Question: Describe the role of prices in market economies.

Answer: The price of goods plays a crucial role in determining an efficient distribution of
resources in a market system. Price acts as a signal for shortages and surpluses which help firms
and consumers respond to changing market conditions. If a good is in shortage – price will tend
to rise. Rising prices discourage demand, and encourage firms to try and increase supply. If a
good is in surplus – price will tend to fall. Falling price encourage people to buy, and cause firms
to try and cut back on supply. Prices help to redistribute resources from goods with little
demand to goods and services which people value more.

Question: What are the supply schedule and the supply curve and how are they related?
Answer: A supply schedule shows how much of a product is supplied at a given price. The
supply curve is a graph representing the supply schedule. The supply curve slopes upward
because as a good sells for higher prices firms will expand production to make more money.

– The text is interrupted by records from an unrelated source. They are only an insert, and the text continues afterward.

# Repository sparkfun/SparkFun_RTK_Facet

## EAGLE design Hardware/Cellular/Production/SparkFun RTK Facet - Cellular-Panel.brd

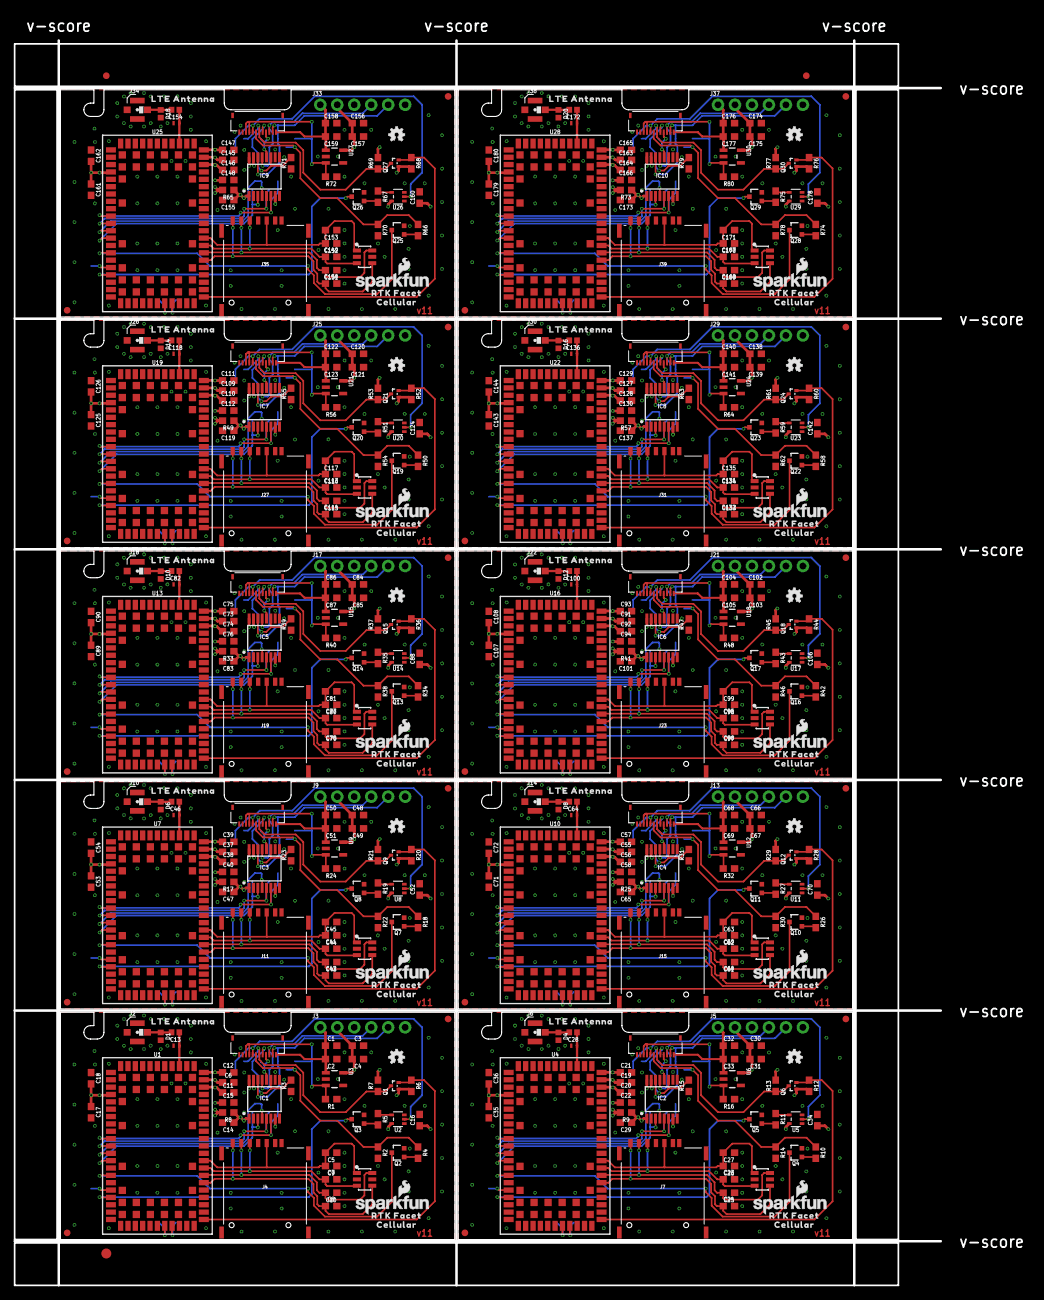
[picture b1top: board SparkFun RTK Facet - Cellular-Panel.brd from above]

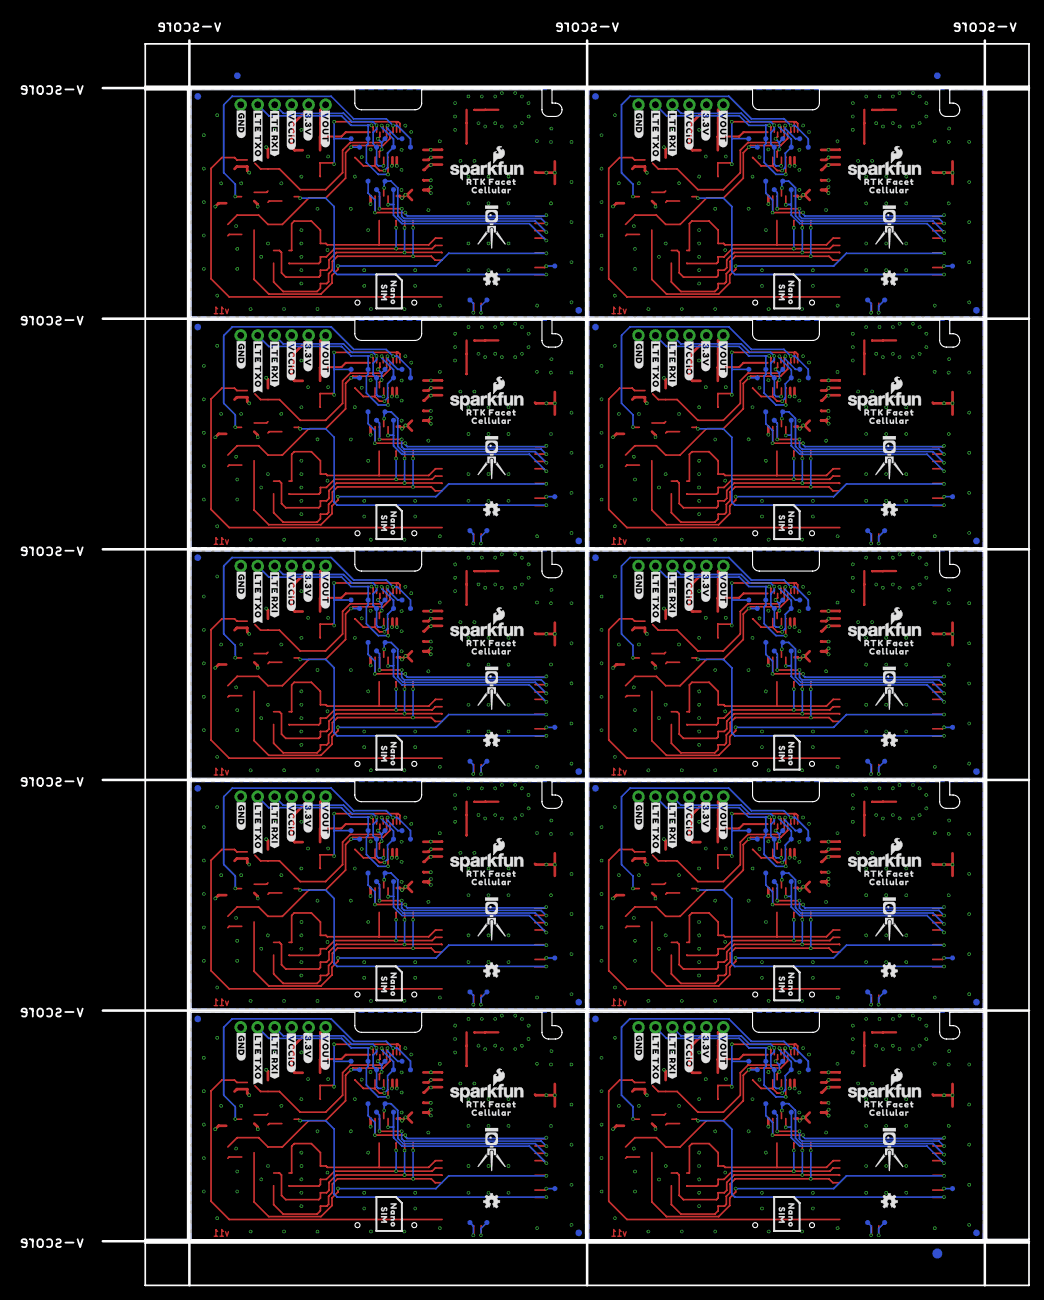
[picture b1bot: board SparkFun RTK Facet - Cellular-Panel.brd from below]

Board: 4 copper layers, 138.6 x 186.3 mm, 776 parts (303 on the bottom side), 320 nets.

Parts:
C1, C3, C17, C30, C32, C35, C48, C50, C53, C66, C68, C71, C84, C86, C89, C102, C104, C107, C120, C122, C125, C138, C140, C143, C156, C158, C161, C174, C176, C179: 1.0uF; 0603
C2, C4, C5, C6, C14, C16, C18, C19, C27, C29, C31, C33, C34, C36, C37, C45, C47, C49, C51, C52, C54, C55, C63, C65, C67, C69, C70, C72, C73, C81, C83, C85, C87, C88, C90, C91, C99, C101, C103, C105, C106, C108, C109, C117, C119, C121, C123, C124, C126, C127, C135, C137, C139, C141, C142, C144, C145, C153, C155, C157, C159, C160, C162, C163, C171, C173, C175, C177, C178, C180: 0.1uF; 0603
C7, C8, C9, C10, C23, C24, C25, C26, C41, C42, C43, C44, C59, C60, C61, C62, C77, C78, C79, C80, C95, C96, C97, C98, C113, C114, C115, C116, C131, C132, C133, C134, C149, C150, C151, C152, C167, C168, C169, C170: 47pF; 0603
C11, C20, C38, C56, C74, C92, C110, C128, C146, C164: 68pF; 0603
C12, C21, C39, C57, C75, C93, C111, C129, C147, C165: 10uF; 0603
C13, C28, C46, C64, C82, C100, C118, C136, C154, C172: 33pF; 0402
C15, C22, C40, C58, C76, C94, C112, C130, C148, C166: 15pF; 0603
D1, D4, D6, D8, D10, D12, D14, D16, D18, D20: PESD0402; 0402
D2, D3, D5, D7, D9, D11, D13, D15, D17, D19: DT1042-04SO-7; SOT23-6L
E$1, E$2, E$3, E$4: FIDUCIAL-1X2
E$5, E$6: FIDUCIAL-1.5X3
FID1, FID2, FID3, FID4, FID5, FID6, FID7, FID8, FID9, FID10, FID11, FID12, FID13, FID14, FID15, FID16, FID17, FID18, FID19, FID20, FID21, FID22, FID23, FID24, FID25, FID26, FID27, FID28, FID29, FID30, FID31, FID32, FID33, FID34, FID35, FID36, FID37, FID38, FID39, FID40: FIDUCIAL1X2; FIDUCIAL-1X2
IC1, IC2, IC3, IC4, IC5, IC6, IC7, IC8, IC9, IC10: SN74AVC4T774PW; SOP65P640X120-16N
J1, J8, J12, J16, J20, J24, J28, J32, J36, J40: FPC_12_DOUBLESIDED_BACKFLIP
J2, J6, J10, J14, J18, J22, J26, J30, J34, J38: U.FL
J3, J5, J9, J13, J17, J21, J25, J29, J33, J37: DIAG; 1X06_NO_SILK
J4, J7, J11, J15, J19, J23, J27, J31, J35, J39: NANO_SIM_PP_REDUCED_PADS
L1, L2, L3, L4, L5, L6, L7, L8, L9, L10: DNP; 0402_COILCRAFT
LOGO1, LOGO3, LOGO4, LOGO8, LOGO9, LOGO12, LOGO13, LOGO16, LOGO17, LOGO20, LOGO21, LOGO24, LOGO25, LOGO28, LOGO29, LOGO32, LOGO33, LOGO36, LOGO37, LOGO40: OSHW-LOGOMINI; OSHW-LOGO-MINI
LOGO2, LOGO5, LOGO6, LOGO7, LOGO10, LOGO11, LOGO14, LOGO15, LOGO18, LOGO19, LOGO22, LOGO23, LOGO26, LOGO27, LOGO30, LOGO31, LOGO34, LOGO35, LOGO38, LOGO39: SFE_LOGO_NAME_FLAME.1_INCH; SFE_LOGO_NAME_FLAME_.1
Q1, Q6, Q9, Q12, Q15, Q18, Q21, Q24, Q27, Q30: 20V/0.2A/8MHz/1.2Ω/1Vth; SOT-416FL
Q2, Q3, Q4, Q5, Q7, Q8, Q10, Q11, Q13, Q14, Q16, Q17, Q19, Q20, Q22, Q23, Q25, Q26, Q28, Q29: 310mA/60V/1.6Ω; SOT323
R1, R2, R3, R14, R15, R16, R22, R23, R24, R30, R31, R32, R38, R39, R40, R46, R47, R48, R54, R55, R56, R62, R63, R64, R70, R71, R72, R78, R79, R80: 100k; 0603
R4, R5, R10, R11, R18, R19, R26, R27, R34, R35, R42, R43, R50, R51, R58, R59, R66, R67, R74, R75: 1k; 0603
R6, R7, R12, R13, R20, R21, R28, R29, R36, R37, R44, R45, R52, R53, R60, R61, R68, R69, R76, R77: 2.2k; 0603
R8, R9, R17, R25, R33, R41, R49, R57, R65, R73: 0; 0603
TP1, TP2, TP3, TP4, TP5, TP6, TP7, TP8, TP9, TP10, TP11, TP12, TP13, TP14, TP15, TP16, TP17, TP18, TP19, TP20, TP21, TP22, TP23, TP24, TP25, TP26, TP27, TP28, TP29, TP30, TP31, TP32, TP33, TP34, TP35, TP36, TP37, TP38, TP39, TP40, TP41, TP42, TP43, TP44, TP45, TP46, TP47, TP48, TP49, TP50, TP51, TP52, TP53, TP54, TP55, TP56, TP57, TP58, TP59, TP60, TP61, TP62, TP63, TP64, TP65, TP66, TP67, TP68, TP69, TP70, TP71, TP72, TP73, TP74, TP75, TP76, TP77, TP78, TP79, TP80, TP81, TP82, TP83, TP84, TP85, TP86, TP87, TP88, TP89, TP90, TP91, TP92, TP93, TP94, TP95, TP96, TP97, TP98, TP99, TP100, TP101, TP102, TP103, TP104, TP105, TP106, TP107, TP108, TP109, TP110, TP111, TP112, TP113, TP114, TP115, TP116, TP117, TP118, TP119, TP120, TP121, TP122, TP123, TP124, TP125, TP126, TP127, TP128, TP129, TP130, TP131, TP132, TP133, TP134, TP135, TP136, TP137, TP138, TP139, TP140, TP141, TP142, TP143, TP144, TP145, TP146, TP147, TP148, TP149, TP150: TEST-POINT3; PAD.03X.03
U1, U4, U7, U10, U13, U16, U19, U22, U25, U28: SARA-R510M8S; SARA-LGA
U2, U5, U8, U11, U14, U17, U20, U23, U26, U29: 74HC1G04; SOT353
U3, U6, U9, U12, U15, U18, U21, U24, U27, U30: AP2112K-3.3; SOT23-5
U$1, U$12, U$14, U$17, U$28, U$31, U$42, U$45, U$56, U$59, U$70, U$73, U$84, U$87, U$98, U$101, U$112, U$115, U$126, U$129: RTK_FACET0
U$2, U$3, U$11, U$18, U$27, U$32, U$41, U$46, U$55, U$60, U$69, U$74, U$83, U$88, U$97, U$102, U$111, U$116, U$125, U$132: CELLULAR1
U$4, U$19, U$33, U$47, U$61, U$75, U$89, U$103, U$117, U$133: #VOUT#0
U$5, U$20, U$34, U$48, U$62, U$76, U$90, U$104, U$118, U$134: #3#3V#0
U$6, U$21, U$35, U$49, U$63, U$77, U$91, U$105, U$119, U$135: #VCCIO#0
U$7, U$22, U$36, U$50, U$64, U$78, U$92, U$106, U$120, U$136: #LTE_RXI#0
U$8, U$23, U$37, U$51, U$65, U$79, U$93, U$107, U$121, U$137: #LTE_TXO#0
U$9, U$24, U$38, U$52, U$66, U$80, U$94, U$108, U$122, U$138: #GND#0
U$10, U$26, U$40, U$54, U$68, U$82, U$96, U$110, U$124, U$140: LTE_ANTENNA0
U$13, U$29, U$43, U$57, U$71, U$85, U$99, U$113, U$127, U$130: NANO0
U$15, U$25, U$39, U$53, U$67, U$81, U$95, U$109, U$123, U$139: RTK5#SVG0
U$16, U$30, U$44, U$58, U$72, U$86, U$100, U$114, U$128, U$131: SIM0

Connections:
3.3V: C3.1, C4.2, C6.1, C11.1, C12.1, C15.1, C16.1, IC1.15, J3.2, R7.2, U1.51, U1.52, U1.53, U2.5, U3.5
3.3V1: C19.1, C20.1, C21.1, C22.1, C30.1, C31.2, C34.1, IC2.15, J5.2, R13.2, U4.51, U4.52, U4.53, U5.5, U6.5
3.3V2: C37.1, C38.1, C39.1, C40.1, C48.1, C49.2, C52.1, IC3.15, J9.2, R21.2, U7.51, U7.52, U7.53, U8.5, U9.5
3.3V3: C55.1, C56.1, C57.1, C58.1, C66.1, C67.2, C70.1, IC4.15, J13.2, R29.2, U10.51, U10.52, U10.53, U11.5, U12.5
3.3V4: C73.1, C74.1, C75.1, C76.1, C84.1, C85.2, C88.1, IC5.15, J17.2, R37.2, U13.51, U13.52, U13.53, U14.5, U15.5
3.3V5: C91.1, C92.1, C93.1, C94.1, C102.1, C103.2, C106.1, IC6.15, J21.2, R45.2, U16.51, U16.52, U16.53, U17.5, U18.5
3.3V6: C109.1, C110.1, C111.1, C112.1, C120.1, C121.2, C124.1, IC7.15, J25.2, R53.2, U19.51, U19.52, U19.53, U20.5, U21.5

Question: Define the equilibrium of a market and describe the different forces that move the
market towards its equilibrium.

Answer: Equilibrium is a condition or state in which economic forces are balanced. The
different forces that move the market towards its equilibrium are shortage and surplus. If the
price is above the equilibrium price, sellers want to sell more than buyers want to buy, so there
is a surplus. Sellers try to increase their sales by cutting prices. That continues until they reach
the equilibrium price. If the price is below the equilibrium price, buyers want to buy more than
sellers want to sell, so there is a shortage. Sellers can raise their price without losing customers.
That continues until they reach the equilibrium price.

Question: What happens when governments impose price floors and price ceilings?

Answer: Price floors and price ceilings are imposed for price control they limit the price issued
by sellers making sure that sellers don't abuse their control over the price in some situations.
When governments impose price floors and price ceilings it prevents sellers from going over or
going under that price so that it stays close to the ever-changing equilibrium of the market.